Back to the video equipment... If equipment like the glidescope ensures a high success rate even for unskilled operators, and it becomes widespread, I wonder how that will change the debate over prehospital intubation?
 
Hey, I am not saying the King does not work, I just found it interesting that the FDA put the smack down on King. In fact, as stated I think very few devices can be officially advertised as pre-hospital alternative intubation devices. The combitube comes to mind.

I agree that the King does not really have any improvement over the combitube IMHO. As stated, I agree that I would never attempt to use a bougie to transition a functional supraglottic device to an ETT. I would have a hard time explaining why I pulled a perfectly good device in the theoretical attempt to place an ETT. High risk, low return IMHO. Perhaps I am just a combitube purist.

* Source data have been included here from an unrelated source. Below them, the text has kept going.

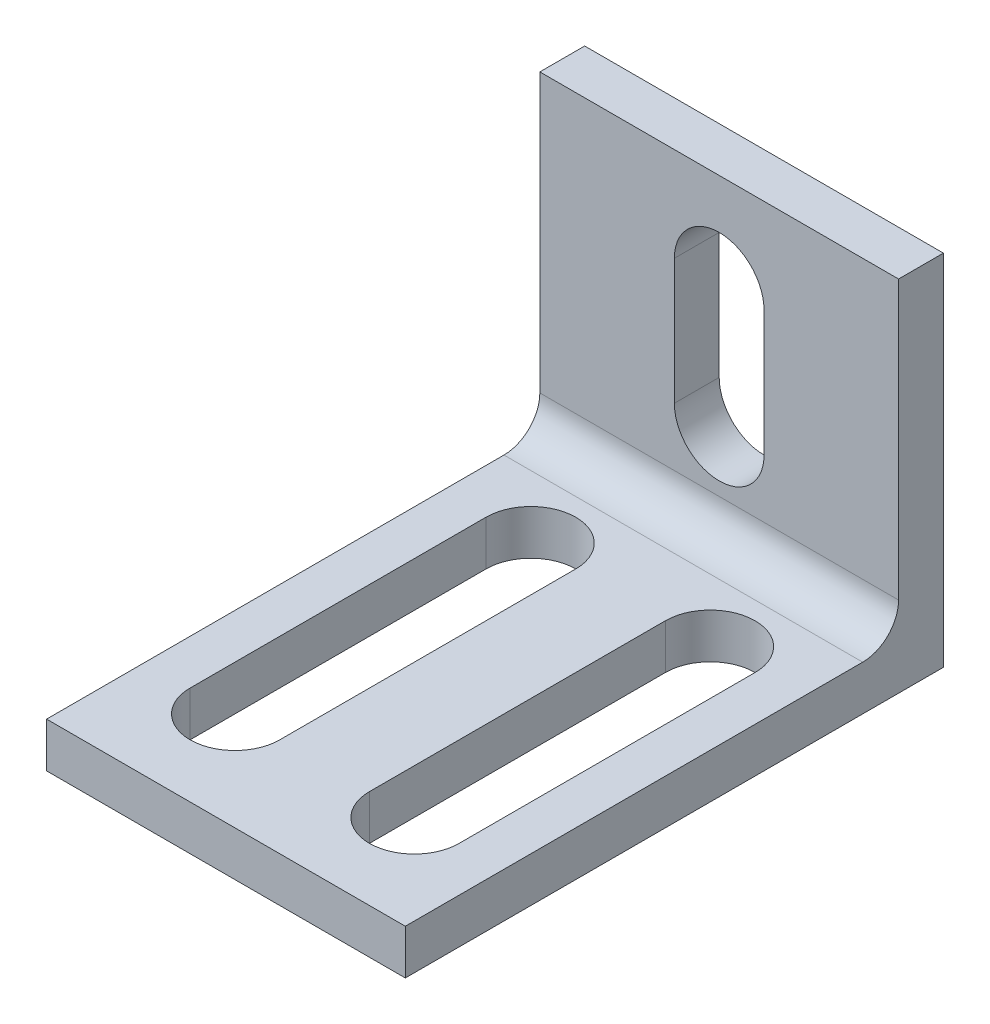
ISO-10303-21;
HEADER;
FILE_DESCRIPTION(('STEP AP214'),'2;1');
FILE_NAME('part.step','',(''),(''),'','','');
FILE_SCHEMA(('AUTOMOTIVE_DESIGN { 1 0 10303 214 1 1 1 1 }'));
ENDSEC;
DATA;
#1=APPLICATION_CONTEXT('core data for automotive mechanical design processes');
#2=APPLICATION_PROTOCOL_DEFINITION('international standard','automotive_design',2000,#1);
#3=PRODUCT_CONTEXT('',#1,'mechanical');
#4=PRODUCT('Part','Part','',(#3));
#5=PRODUCT_RELATED_PRODUCT_CATEGORY('part','',(#4));
#6=PRODUCT_DEFINITION_FORMATION('','',#4);
#7=PRODUCT_DEFINITION_CONTEXT('part definition',#1,'design');
#8=PRODUCT_DEFINITION('design','',#6,#7);
#9=PRODUCT_DEFINITION_SHAPE('','',#8);
#10=(LENGTH_UNIT() NAMED_UNIT(*) SI_UNIT(.MILLI.,.METRE.));
#11=(NAMED_UNIT(*) PLANE_ANGLE_UNIT() SI_UNIT($,.RADIAN.));
#12=(NAMED_UNIT(*) SI_UNIT($,.STERADIAN.) SOLID_ANGLE_UNIT());
#13=UNCERTAINTY_MEASURE_WITH_UNIT(LENGTH_MEASURE(1.E-05),#10,'distance_accuracy_value','');
#14=(GEOMETRIC_REPRESENTATION_CONTEXT(3) GLOBAL_UNCERTAINTY_ASSIGNED_CONTEXT((#13)) GLOBAL_UNIT_ASSIGNED_CONTEXT((#10,
#11,#12)) REPRESENTATION_CONTEXT('',''));
#15=CARTESIAN_POINT('',(0.,0.,0.));
#16=DIRECTION('',(0.,0.,1.));
#17=DIRECTION('',(1.,0.,0.));
#18=AXIS2_PLACEMENT_3D('',#15,#16,#17);
#19=CARTESIAN_POINT('',(12.7,12.7,-15.875));
#20=DIRECTION('',(0.,0.,-1.));
#21=DIRECTION('',(0.,1.,0.));
#22=AXIS2_PLACEMENT_3D('',#19,#20,#21);
#23=PLANE('',#22);
#24=DIRECTION('',(0.,1.,0.));
#25=VECTOR('',#24,1.);
#26=CARTESIAN_POINT('',(3.175,6.0325,-15.875));
#27=LINE('',#26,#25);
#28=CARTESIAN_POINT('',(3.175,-2.8575,-15.875));
#29=VERTEX_POINT('',#28);
#30=CARTESIAN_POINT('',(3.175,6.0325,-15.875));
#31=VERTEX_POINT('',#30);
#32=EDGE_CURVE('E237',#29,#31,#27,.T.);
#33=ORIENTED_EDGE('',*,*,#32,.F.);
#34=CARTESIAN_POINT('',(0.,-2.8575,-15.875));
#35=DIRECTION('',(0.,0.,1.));
#36=DIRECTION('',(1.,0.,0.));
#37=AXIS2_PLACEMENT_3D('',#34,#35,#36);
#38=CIRCLE('',#37,3.175);
#39=CARTESIAN_POINT('',(-3.175,-2.8575,-15.875));
#40=VERTEX_POINT('',#39);
#41=EDGE_CURVE('E199',#40,#29,#38,.T.);
#42=ORIENTED_EDGE('',*,*,#41,.F.);
#43=DIRECTION('',(0.,-1.,0.));
#44=VECTOR('',#43,1.);
#45=CARTESIAN_POINT('',(-3.175,6.0325,-15.875));
#46=LINE('',#45,#44);
#47=CARTESIAN_POINT('',(-3.175,6.0325,-15.875));
#48=VERTEX_POINT('',#47);
#49=EDGE_CURVE('E226',#48,#40,#46,.T.);
#50=ORIENTED_EDGE('',*,*,#49,.F.);
#51=CARTESIAN_POINT('',(0.,6.0325,-15.875));
#52=DIRECTION('',(0.,0.,1.));
#53=DIRECTION('',(1.,0.,0.));
#54=AXIS2_PLACEMENT_3D('',#51,#52,#53);
#55=CIRCLE('',#54,3.175);
#56=EDGE_CURVE('E240',#31,#48,#55,.T.);
#57=ORIENTED_EDGE('',*,*,#56,.F.);
#58=EDGE_LOOP('',(#33,#42,#50,#57));
#59=FACE_BOUND('',#58,.T.);
#60=DIRECTION('',(0.,-1.,0.));
#61=VECTOR('',#60,1.);
#62=CARTESIAN_POINT('',(-12.7,12.7,-15.875));
#63=LINE('',#62,#61);
#64=CARTESIAN_POINT('',(-12.7,12.7,-15.875));
#65=VERTEX_POINT('',#64);
#66=CARTESIAN_POINT('',(-12.7,-6.98499999999998,-15.875));
#67=VERTEX_POINT('',#66);
#68=EDGE_CURVE('E247',#65,#67,#63,.T.);
#69=ORIENTED_EDGE('',*,*,#68,.T.);
#70=DIRECTION('',(-1.,0.,0.));
#71=VECTOR('',#70,1.);
#72=CARTESIAN_POINT('',(12.7,-6.98499999999999,-15.875));
#73=LINE('',#72,#71);
#74=CARTESIAN_POINT('',(12.7,-6.98499999999998,-15.875));
#75=VERTEX_POINT('',#74);
#76=EDGE_CURVE('E50',#67,#75,#73,.F.);
#77=ORIENTED_EDGE('',*,*,#76,.T.);
#78=DIRECTION('',(0.,-1.,0.));
#79=VECTOR('',#78,1.);
#80=CARTESIAN_POINT('',(12.7,12.7,-15.875));
#81=LINE('',#80,#79);
#82=CARTESIAN_POINT('',(12.7,12.7,-15.875));
#83=VERTEX_POINT('',#82);
#84=EDGE_CURVE('E269',#83,#75,#81,.T.);
#85=ORIENTED_EDGE('',*,*,#84,.F.);
#86=DIRECTION('',(-1.,0.,0.));
#87=VECTOR('',#86,1.);
#88=CARTESIAN_POINT('',(12.7,12.7,-15.875));
#89=LINE('',#88,#87);
#90=EDGE_CURVE('E281',#83,#65,#89,.T.);
#91=ORIENTED_EDGE('',*,*,#90,.T.);
#92=EDGE_LOOP('',(#69,#77,#85,#91));
#93=FACE_BOUND('',#92,.T.);
#94=ADVANCED_FACE('F35',(#59,#93),#23,.F.);
#95=CARTESIAN_POINT('',(12.7,-9.52499999999999,-15.875));
#96=DIRECTION('',(0.,-1.,0.));
#97=DIRECTION('',(0.,0.,-1.));
#98=AXIS2_PLACEMENT_3D('',#95,#96,#97);
#99=PLANE('',#98);
#100=DIRECTION('',(0.,0.,1.));
#101=VECTOR('',#100,1.);
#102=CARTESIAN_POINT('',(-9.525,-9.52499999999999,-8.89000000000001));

Back to the discussion: In my area of the world, I am starting to see a big push toward fiberoptic and video based techniques. I just returned from a trip to Texas where I was teaching a critical care transport orientation course and met a paramedic who worked for a back country EMS service with two ambulances total. His service managed to place a Glidescope on each ambulance and the medic quoted a price of less than $10,000 per unit. As the prices continue to decrease, the return on investment will continue to appeal to more and more services. In addition, with the proliferation of non-volatile flash memory and video recording, we now have the ability to recored our intubation. We now have video evidence, and when married with waveform capnography, you have a solid method for determination of placement.
 
Thanks for the replies.

I don't think fiberoptics would be good in the field, but bring on the glidescopes.